The early 16th century gateway to the original Manor HouseThe early 16th century gateway to the original Manor House (demolished in 1851-3). Pevsner describes it as "an uncommonly lavish piece of Early Tudor brickwork, rising in three stepped stages and adorned with corbelled-out panels of terracotta with coats of arms". (A. Nicholson, 2001).

Seven Thanes had seven manors or mansions here,’ says Thoroton in referring to Rampton in Saxon times. The village stands within a mile or two of the Trent along the Lincolnshire border, and has been the residence of ancient and eminent families. After the Conquest that mighty Norman warrior, Roger de Builli, became possessed of the lands of the Saxon nobles, and succeeding him one of the earliest owners of whom definite mention is made is Nigellus de Rampton, whose daughter. carried it by marriage to Robert Malluvell. This family became extinct in the male line, after which the manor came by other marriage alliances into the possession of the Stanhopes, who held it for six generations, when Saunchia Stanhope married John Babington, and the Babingtons retained it for four generations more. John Babington married a daughter of Hercy Nevile, of Grove, and on his death left as his co-heiresses his two daughters, Barbara and Elizabeth. Widow Babington took for her second husband Anthony Eyre, who had a son, Gervase. This son fell in love with Elizabeth, the heiress of a moiety, and he purchased the other moiety which was the portion of Barbara.

Rampton has remained in the hands of the gallant family of Eyre ever since. Its members come of ancient lineage, for William le Eyre of Hope held lands of Henry III., in capite, by the service of the custody of the Forest of the Peak in Derbyshire. From him was descended Gervase Eyre, who took a prominent part on the side of the Royalists in the wars of Charles I.’s time. He was given the command of a troop of horse, and participated in the many conflicts by which the Newark cavalry succeeded in making itself conspicuous for its bravery and prowess.

When the ancient castle was besieged, and Prince Rupert hastened to its relief, Sir Gervase Eyre’s regiment of horse was entrusted with the duty of preventing the two wings of the enemy’s forces from uniting. In 1645 the gallant soldier was slain in action, and his body was interred at Rampton, where there is a brass inscribed to his memory.
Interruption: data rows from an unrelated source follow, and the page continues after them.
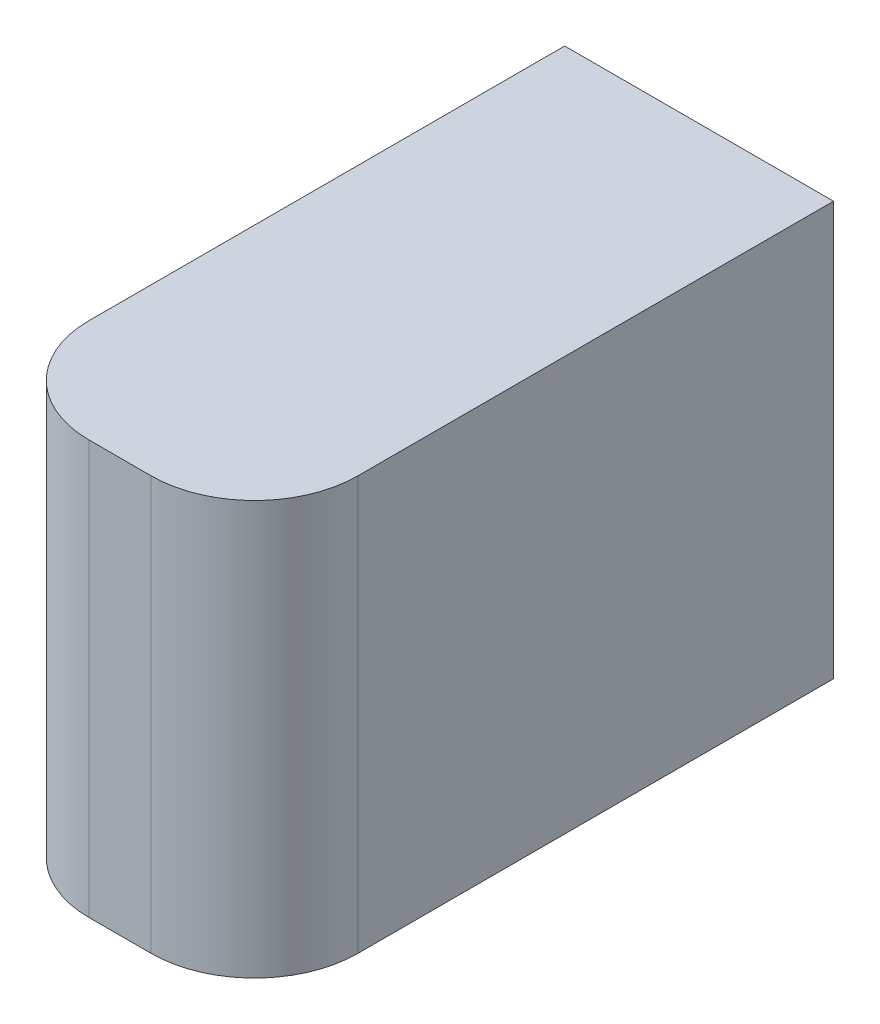
from build123d import *

# Parameters (mm, degrees)
SKETCH1_W      = 2.6
SKETCH1_H      = 4
EXTRUDE1_DEPTH = 5.6
FILLET2_R      = 1


with BuildPart() as part:
    # Sketch1 → Extrude1 (new body)
    with BuildSketch(Plane.XY):
        Rectangle(SKETCH1_W, SKETCH1_H)
    extrude(amount=EXTRUDE1_DEPTH)

    # Fillet2
    fillet2_edges = [part.edges().sort_by_distance(p)[0] for p in [
        (1.3, 0, 5.6),
        (-1.3, 0, 5.6),
    ]]
    fillet(fillet2_edges, radius=FILLET2_R)


solid = part.part
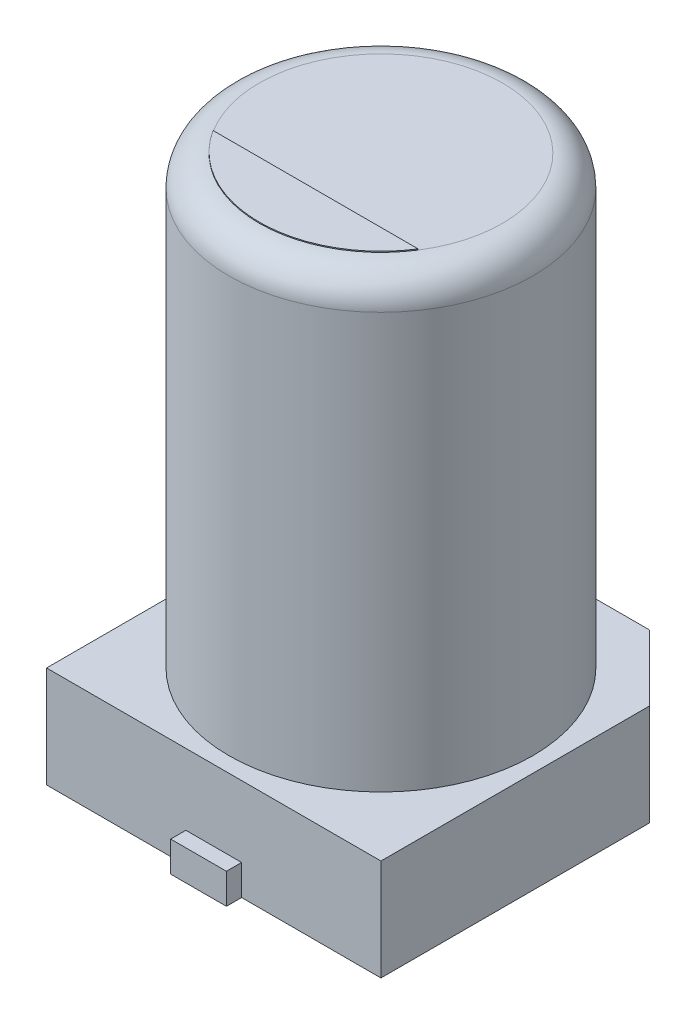
from build123d import *

# Parameters (mm, degrees)
BOSS_EXTRUDE1_DEPTH = 1
SKETCH3_R           = 1.5
BOSS_EXTRUDE2_DEPTH = 5.4
FILLET1_R           = 0.3
SKETCH4_W           = 0.55
SKETCH4_H           = 1.5
BOSS_EXTRUDE3_DEPTH = 0.3
BOSS_EXTRUDE4_DEPTH = 0.01


with BuildPart() as part:
    # Sketch2 → Boss-Extrude1 (new body)
    with BuildSketch(Plane(origin=(0, 0, 0), x_dir=(1, 0, 0), z_dir=(0, 1, 0))):
        Polygon((1.65, -1.65), (-1.65, -1.65), (-1.65, 1), (-1, 1.65), (1, 1.65), (1.65, 1), align=None)
    extrude(amount=BOSS_EXTRUDE1_DEPTH)

    # Sketch3 → Boss-Extrude2 (add)
    with BuildSketch(Plane(origin=(0, 0, 0), x_dir=(1, 0, 0), z_dir=(0, 1, 0))):
        Circle(SKETCH3_R)
    extrude(amount=BOSS_EXTRUDE2_DEPTH)

    # Fillet1
    fillet1_edges = [part.edges().sort_by_distance(p)[0] for p in [
        (-1.5, 5.4, 0),
    ]]
    fillet(fillet1_edges, radius=FILLET1_R)

    # Sketch4 → Boss-Extrude3 (add)
    with BuildSketch(Plane(origin=(0, 0, 0), x_dir=(1, 0, 0), z_dir=(0, 1, 0))):
        with Locations((0, 1.05)):
            Rectangle(SKETCH4_W, SKETCH4_H)
        with Locations((0, -1.05)):
            Rectangle(SKETCH4_W, SKETCH4_H)
    extrude(amount=BOSS_EXTRUDE3_DEPTH)

    # Sketch5 → Boss-Extrude4 (add)
    with BuildSketch(Plane(origin=(0, 5.4, 0), x_dir=(1, 0, 0), z_dir=(0, 1, 0))):
        with BuildLine():
            Line((1.012005665, -0.644860089), (-1.012005665, -0.644860089))
            ThreePointArc((-1.012005665, -0.644860089), (0, -1.2), (1.012005665, -0.644860089))
        make_face()
    extrude(amount=BOSS_EXTRUDE4_DEPTH)


solid = part.part
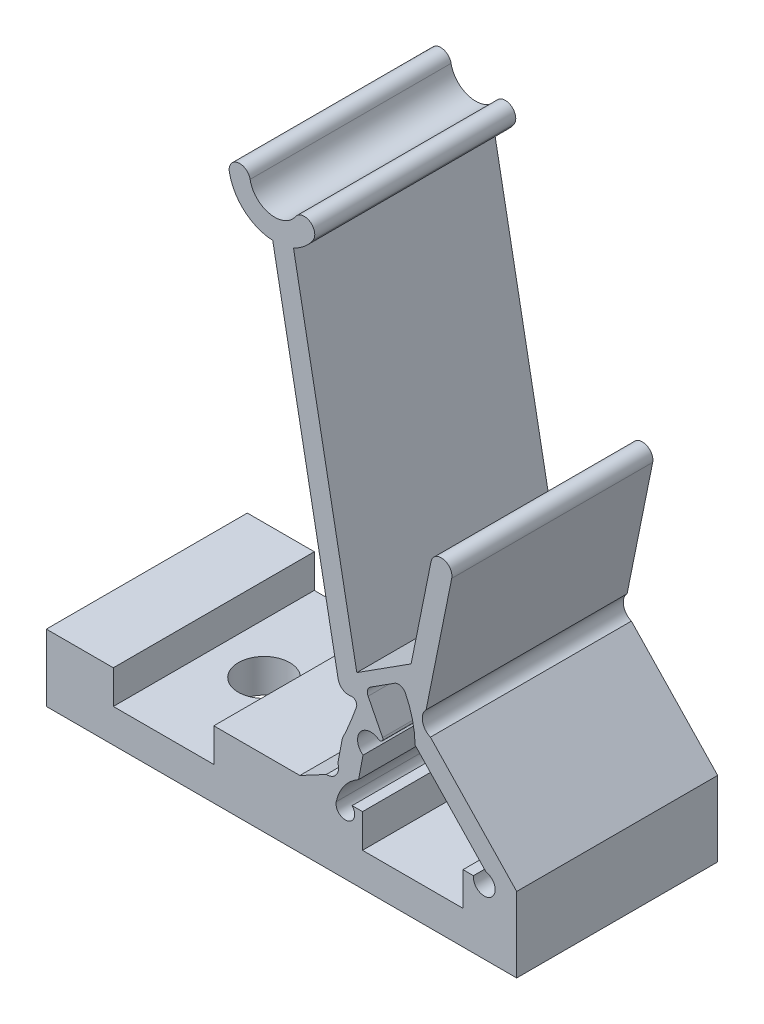
from build123d import *

# Parameters (mm, degrees)
BOSS_CONFIGUP_DEPTH       = 9.525
SKETCH2_W                 = 4.7625
SKETCH2_H                 = 9.525
CUT_NUTSLOT_DEPTH         = 1.5875
F_2_CLEARANCE_HOLE1_D     = 2.4384
F_2_CLEARANCE_HOLE1_DEPTH = 1.5875


with BuildPart() as part:
    # Sketch-ConfigUp → Boss-ConfigUp (new body)
    with BuildSketch(Plane.XY):
        with BuildLine():
            Line((7.315587682, 2.213714366), (7.104153068, 1.103671392))
            ThreePointArc((7.104153068, 1.103671392), (7.02887285, 0.587148983), (6.557966762, 0.361960248))
            Line((6.557966762, 0.361960248), (5.304651863, -0.305823275))
            Line((5.304651863, -0.305823275), (-6.711147083, -0.305823275))
            Line((-6.711147083, -0.305823275), (-6.711147083, -3.480823275))
            Line((-6.711147083, -3.480823275), (15.578632688, -3.480823275))
            Line((15.578632688, -3.480823275), (15.578632688, 0.0709065))
            Line((15.578632688, 0.0709065), (11.489555896, 4.360169677))
            ThreePointArc((11.489555896, 4.360169677), (11.115827658, 4.815287007), (11.286259089, 5.378987021))
            Line((11.286259089, 5.378987021), (12.499382227, 11.378887869))
            ThreePointArc((12.499382227, 11.378887869), (12.108389527, 11.968060772), (11.519216625, 11.577068073))
            Line((11.519216625, 11.577068073), (10.575379996, 6.90901253))
            Line((10.575379996, 6.90901253), (8.002147984, 5.265295329))
            Line((8.002147984, 5.265295329), (5.000864154, 21.195713966))
            ThreePointArc((5.000864154, 21.195713966), (5.515878545, 21.515221814), (5.923633344, 21.963620199))
            ThreePointArc((5.923633344, 21.963620199), (5.792717863, 22.658502302), (5.09783576, 22.527586821))
            ThreePointArc((5.09783576, 22.527586821), (3.870546529, 22.033736006), (2.944624614, 22.978614881))
            ThreePointArc((2.944624614, 22.978614881), (2.360697542, 23.377399504), (1.96191292, 22.793472432))
            ThreePointArc((1.96191292, 22.793472432), (2.679570384, 21.54396233), (4.01815246, 21.010571517))
            Line((4.01815246, 21.010571517), (7.116284258, 4.566096638))
            ThreePointArc((7.116284258, 4.566096638), (7.329390516, 4.240581461), (7.710370279, 4.161658542))
            ThreePointArc((7.710370279, 4.161658542), (7.941736771, 4.080744656), (7.986384484, 3.83973824))
            ThreePointArc((7.986384484, 3.83973824), (7.67084838, 3.018532349), (7.315587682, 2.213714366))
        make_face()
        with BuildLine():
            Line((13.528041298, -0.305823275), (7.778926955, -0.305823275))
            ThreePointArc((7.778926955, -0.305823275), (7.581920737, -1.036684597), (7.028198014, -0.520582992))
            ThreePointArc((7.028198014, -0.520582992), (7.40177857, 0.312546128), (8.086491983, 0.916561115))
            Line((8.086491983, 0.916561115), (8.297926597, 2.026604089))
            ThreePointArc((8.297926597, 2.026604089), (8.15636952, 2.899078498), (9.028843929, 3.040635574))
            ThreePointArc((9.028843929, 3.040635574), (9.1929804, 3.047421198), (9.225253016, 3.208496658))
            Line((9.225253016, 3.208496658), (8.538827812, 4.566096638))
            ThreePointArc((8.538827812, 4.566096638), (8.51473614, 4.804983129), (8.657105129, 4.998317646))
            Line((8.657105129, 4.998317646), (9.788823733, 5.721231603))
            ThreePointArc((9.788823733, 5.721231603), (10.079629218, 5.764709454), (10.306093487, 5.577167225))
            ThreePointArc((10.306093487, 5.577167225), (10.642479335, 4.649344509), (10.765760559, 3.670154961))
            Line((10.765760559, 3.670154961), (13.32194446, 0.988829556))
            Line((13.32194446, 0.988829556), (14.12753679, 0.143798344))
            ThreePointArc((14.12753679, 0.143798344), (14.352707563, -0.780903824), (13.528041298, -0.305823275))
        make_face(mode=Mode.SUBTRACT)
    extrude(amount=BOSS_CONFIGUP_DEPTH)

    # Sketch2 → Cut-NutSlot (cut)
    with BuildSketch(Plane(origin=(0.004306068, -0.305823275, 0), x_dir=(-1, 0, 0), z_dir=(0, -1, 0))):
        with Locations((-10.649178058, -4.7625)):
            Rectangle(SKETCH2_W, SKETCH2_H)
        with Locations((1.159203152, -4.7625)):
            Rectangle(SKETCH2_W, SKETCH2_H)
    extrude(amount=CUT_NUTSLOT_DEPTH, mode=Mode.SUBTRACT)

    # #2 Clearance Hole1
    with Locations(Plane(origin=(0, -3.480823275, 0), x_dir=(-1, 0, 0), z_dir=(0, -1, 0))):
        with Locations((-10.653484126, -4.7625), (1.154897083, -4.7625)):
            Hole(F_2_CLEARANCE_HOLE1_D / 2, depth=F_2_CLEARANCE_HOLE1_DEPTH)


solid = part.part
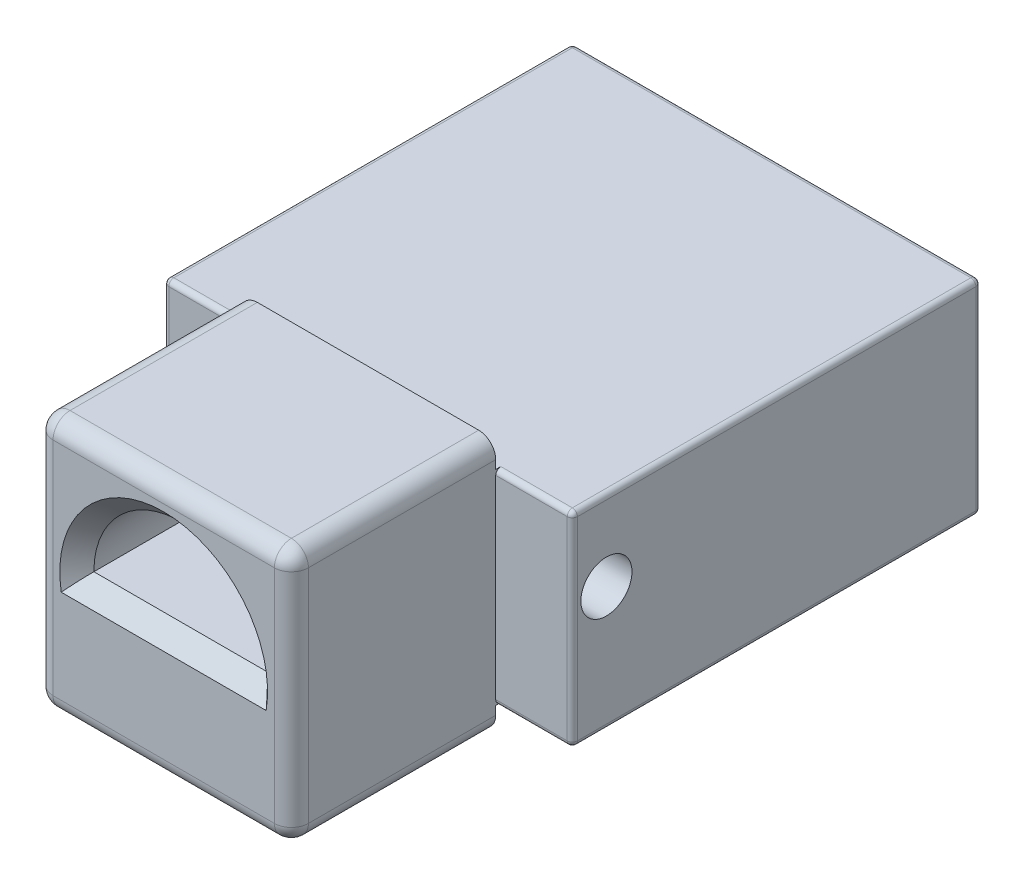
from build123d import *

# Parameters (mm, degrees)
SKIZZE1_W                          = 15
SKIZZE1_H                          = 15
AUFSATZ_LINEAR_AUSTRAGEN1_DEPTH    = 10
FASE1_SIZE                         = 1
SKIZZE1_2_W                        = 15
SKIZZE1_2_H                        = 15
AUFSATZ_LINEAR_AUSTRAGEN2_DEPTH    = 2
VERRUNDUNG1_R                      = 1
SKIZZE2_W                          = 24
SKIZZE2_H                          = 12
AUFSATZ_LINEAR_AUSTRAGEN3_DEPTH    = 24
F_1_0_1_DURCHMESSER_BOHRUNG1_D     = 1
F_1_0_1_DURCHMESSER_BOHRUNG1_DEPTH = 12
F_1_0_1_DURCHMESSER_BOHRUNG1_TIP   = 0.30043031
F_1_0_1_DURCHMESSER_BOHRUNG2_D     = 1
F_1_0_1_DURCHMESSER_BOHRUNG2_DEPTH = 2.2
F_1_0_1_DURCHMESSER_BOHRUNG2_TIP   = 0.30043031
F_3_0_3_DURCHMESSER_BOHRUNG1_D     = 3
F_3_0_3_DURCHMESSER_BOHRUNG1_DEPTH = 9
F_3_0_3_DURCHMESSER_BOHRUNG1_TIP   = 0.901290929
F_2_0_2_DURCHMESSER_BOHRUNG1_D     = 2
F_2_0_2_DURCHMESSER_BOHRUNG1_DEPTH = 1
F_2_0_2_DURCHMESSER_BOHRUNG1_TIP   = 0.600860619
VERRUNDUNG6_R                      = 0.3


with BuildPart() as part:
    # Skizze1 → Aufsatz-Linear austragen1 (new body)
    with BuildSketch(Plane.XY):
        Rectangle(SKIZZE1_W, SKIZZE1_H)
        with BuildLine():
            Line((-5.1, 0), (5.1, 0))
            ThreePointArc((5.1, 0), (0, 5.1), (-5.1, 0))
        make_face(mode=Mode.SUBTRACT)
    extrude(amount=AUFSATZ_LINEAR_AUSTRAGEN1_DEPTH)

    # Fase1
    fase1_edges = [part.edges().sort_by_distance(p)[0] for p in [
        (0, 5.1, 10),
        (0, 0, 10),
    ]]
    chamfer(fase1_edges, length=FASE1_SIZE)

    # Skizze1_2 → Aufsatz-Linear austragen2 (add)
    with BuildSketch(Plane.XY):
        Rectangle(SKIZZE1_2_W, SKIZZE1_2_H)
        with BuildLine():
            ThreePointArc((5.1, 0), (0, 5.1), (-5.1, 0))
            Line((-5.1, 0), (5.1, 0))
        make_face(mode=Mode.SUBTRACT)
        with BuildLine():
            Line((-5.1, 0), (5.1, 0))
            ThreePointArc((5.1, 0), (0, 5.1), (-5.1, 0))
        make_face()
    extrude(amount=-AUFSATZ_LINEAR_AUSTRAGEN2_DEPTH)

    # Verrundung1
    verrundung1_edges = [part.edges().sort_by_distance(p)[0] for p in [
        (-7.5, 0, 10),
        (0, -7.5, 10),
        (7.5, 0, 10),
        (0, 7.5, 10),
        (7.5, -7.5, 4),
        (-7.5, -7.5, 4),
        (-7.5, 7.5, 4),
        (7.5, 7.5, 4),
    ]]
    fillet(verrundung1_edges, radius=VERRUNDUNG1_R)

    # Skizze2 → Aufsatz-Linear austragen3 (add)
    with BuildSketch(Plane(origin=(0, 0, -2), x_dir=(-1, 0, 0), z_dir=(0, 0, -1))):
        Rectangle(SKIZZE2_W, SKIZZE2_H)
    extrude(amount=AUFSATZ_LINEAR_AUSTRAGEN3_DEPTH)

    # Skizze12 → Schnitt-Rotation1 (revolve, cut)
    with BuildSketch(Plane(origin=(0, 0, 0), x_dir=(1, 0, 0), z_dir=(0, 1, 0)), mode=Mode.PRIVATE) as schnitt_rotation1_sk:
        Polygon((-1, 2), (-4.879193576, 24), (0, 24), (0, 2), align=None)
    revolve(schnitt_rotation1_sk.sketch.rotate(Axis((0, 0, -2), (0, 0, -1)), 180), axis=Axis((0, 0, -2), (0, 0, -1)), mode=Mode.SUBTRACT)  # turned: the seam where the file's is

    # 1.0 _1_ Durchmesser Bohrung1
    with Locations(Plane(origin=(12, 0, -12), x_dir=(0, 0, 1), z_dir=(1, 0, 0))):
        with Locations((8, -1.3)):
            Hole(F_1_0_1_DURCHMESSER_BOHRUNG1_D / 2, depth=F_1_0_1_DURCHMESSER_BOHRUNG1_DEPTH)
            with Locations((0, 0, -(F_1_0_1_DURCHMESSER_BOHRUNG1_DEPTH + F_1_0_1_DURCHMESSER_BOHRUNG1_TIP / 2))):  # 118° drill point
                Cone(0, F_1_0_1_DURCHMESSER_BOHRUNG1_D / 2, F_1_0_1_DURCHMESSER_BOHRUNG1_TIP, mode=Mode.SUBTRACT)

    # 1.0 _1_ Durchmesser Bohrung2
    with Locations(Plane(origin=(0, 0, -26), x_dir=(-1, 0, 0), z_dir=(0, 0, -1))):
        with Locations((0, 4.170639233)):
            Hole(F_1_0_1_DURCHMESSER_BOHRUNG2_D / 2, depth=F_1_0_1_DURCHMESSER_BOHRUNG2_DEPTH)
            with Locations((0, 0, -(F_1_0_1_DURCHMESSER_BOHRUNG2_DEPTH + F_1_0_1_DURCHMESSER_BOHRUNG2_TIP / 2))):  # 118° drill point
                Cone(0, F_1_0_1_DURCHMESSER_BOHRUNG2_D / 2, F_1_0_1_DURCHMESSER_BOHRUNG2_TIP, mode=Mode.SUBTRACT)

    # 3.0 _3_ Durchmesser Bohrung1
    with Locations(Plane(origin=(12, 0, -12), x_dir=(0, 0, 1), z_dir=(1, 0, 0))):
        with Locations((8, -1.3)):
            Hole(F_3_0_3_DURCHMESSER_BOHRUNG1_D / 2, depth=F_3_0_3_DURCHMESSER_BOHRUNG1_DEPTH)
            with Locations((0, 0, -(F_3_0_3_DURCHMESSER_BOHRUNG1_DEPTH + F_3_0_3_DURCHMESSER_BOHRUNG1_TIP / 2))):  # 118° drill point
                Cone(0, F_3_0_3_DURCHMESSER_BOHRUNG1_D / 2, F_3_0_3_DURCHMESSER_BOHRUNG1_TIP, mode=Mode.SUBTRACT)

    # 2.0 _2_ Durchmesser Bohrung1
    with Locations(Plane(origin=(0, 0, -26), x_dir=(-1, 0, 0), z_dir=(0, 0, -1))):
        with Locations((0, 4.170639233)):
            Hole(F_2_0_2_DURCHMESSER_BOHRUNG1_D / 2, depth=F_2_0_2_DURCHMESSER_BOHRUNG1_DEPTH)
            with Locations((0, 0, -(F_2_0_2_DURCHMESSER_BOHRUNG1_DEPTH + F_2_0_2_DURCHMESSER_BOHRUNG1_TIP / 2))):  # 118° drill point
                Cone(0, F_2_0_2_DURCHMESSER_BOHRUNG1_D / 2, F_2_0_2_DURCHMESSER_BOHRUNG1_TIP, mode=Mode.SUBTRACT)

    # Verrundung6
    verrundung6_edges = [part.edges().sort_by_distance(p)[0] for p in [
        (-12, 0, -2),
        (-12, -6, -14),
        (-9.75, 6, -2),
        (9.75, 6, -2),
        (-12, 6, -14),
        (12, 0, -2),
        (12, 6, -14),
        (9.75, -6, -2),
        (-9.75, -6, -2),
        (12, -6, -14),
        (-12, 0, -26),
        (0, 6, -26),
        (12, 0, -26),
        (0, -6, -26),
    ]]
    fillet(verrundung6_edges, radius=VERRUNDUNG6_R)


solid = part.part

Throsby speaks of the house which Sir Gervase and his predecessors, the Babingtons, occupied as ‘a large old mansion, built so long back as the time of Henry VIII.’ Only a fine stone gateway which led to it now remains, at the north-east corner of the churchyard, for the house was taken down about 1730, and the family removed to Grove, where they had a residence. The village saw little of its owners for about a century, but in 1853 they again made it their home, and a splendid Elizabethan mansion uprose worthy of its possessors.

All Saints' church, Rampton.
All Saints' church, Rampton. The church contains Early English and Perpendicular fabric (A. Nicholson, 2001).

The ancient church contains many memorials of the Stanhopes, Babingtons, and Eyres. In one of them Gervase Eyre, who represented the county in Parliament, is described as entitled to the favour of ‘all true friends of the Church and Constitution’; while his mother, Lady Packington, was so esteemed for her piety that the authorship of a once popular book, ‘The Whole Duty of Man,’ was attributed to her. There is also a tablet to the memory of Vice-Admiral Sir George Eyre, K.C.B., G.C.M.G., who died in 1839, after having seen much active service in the French wars; while another tells of the sacrifices the Eyres have made in the cause of their country in later times. Lieutenant Eyre was killed in the Ashantee War in 1874, when only twenty-three years old, and his father, Lieutenant-General Sir William Eyre, was one of the heroes of the Crimea.

Rampton now belongs to Colonel Eyre, C.B., the much esteemed member for the Gainsborough Division, who was wounded in the attack on the Redan, and was at the siege of Lucknow during the Indian Mutiny.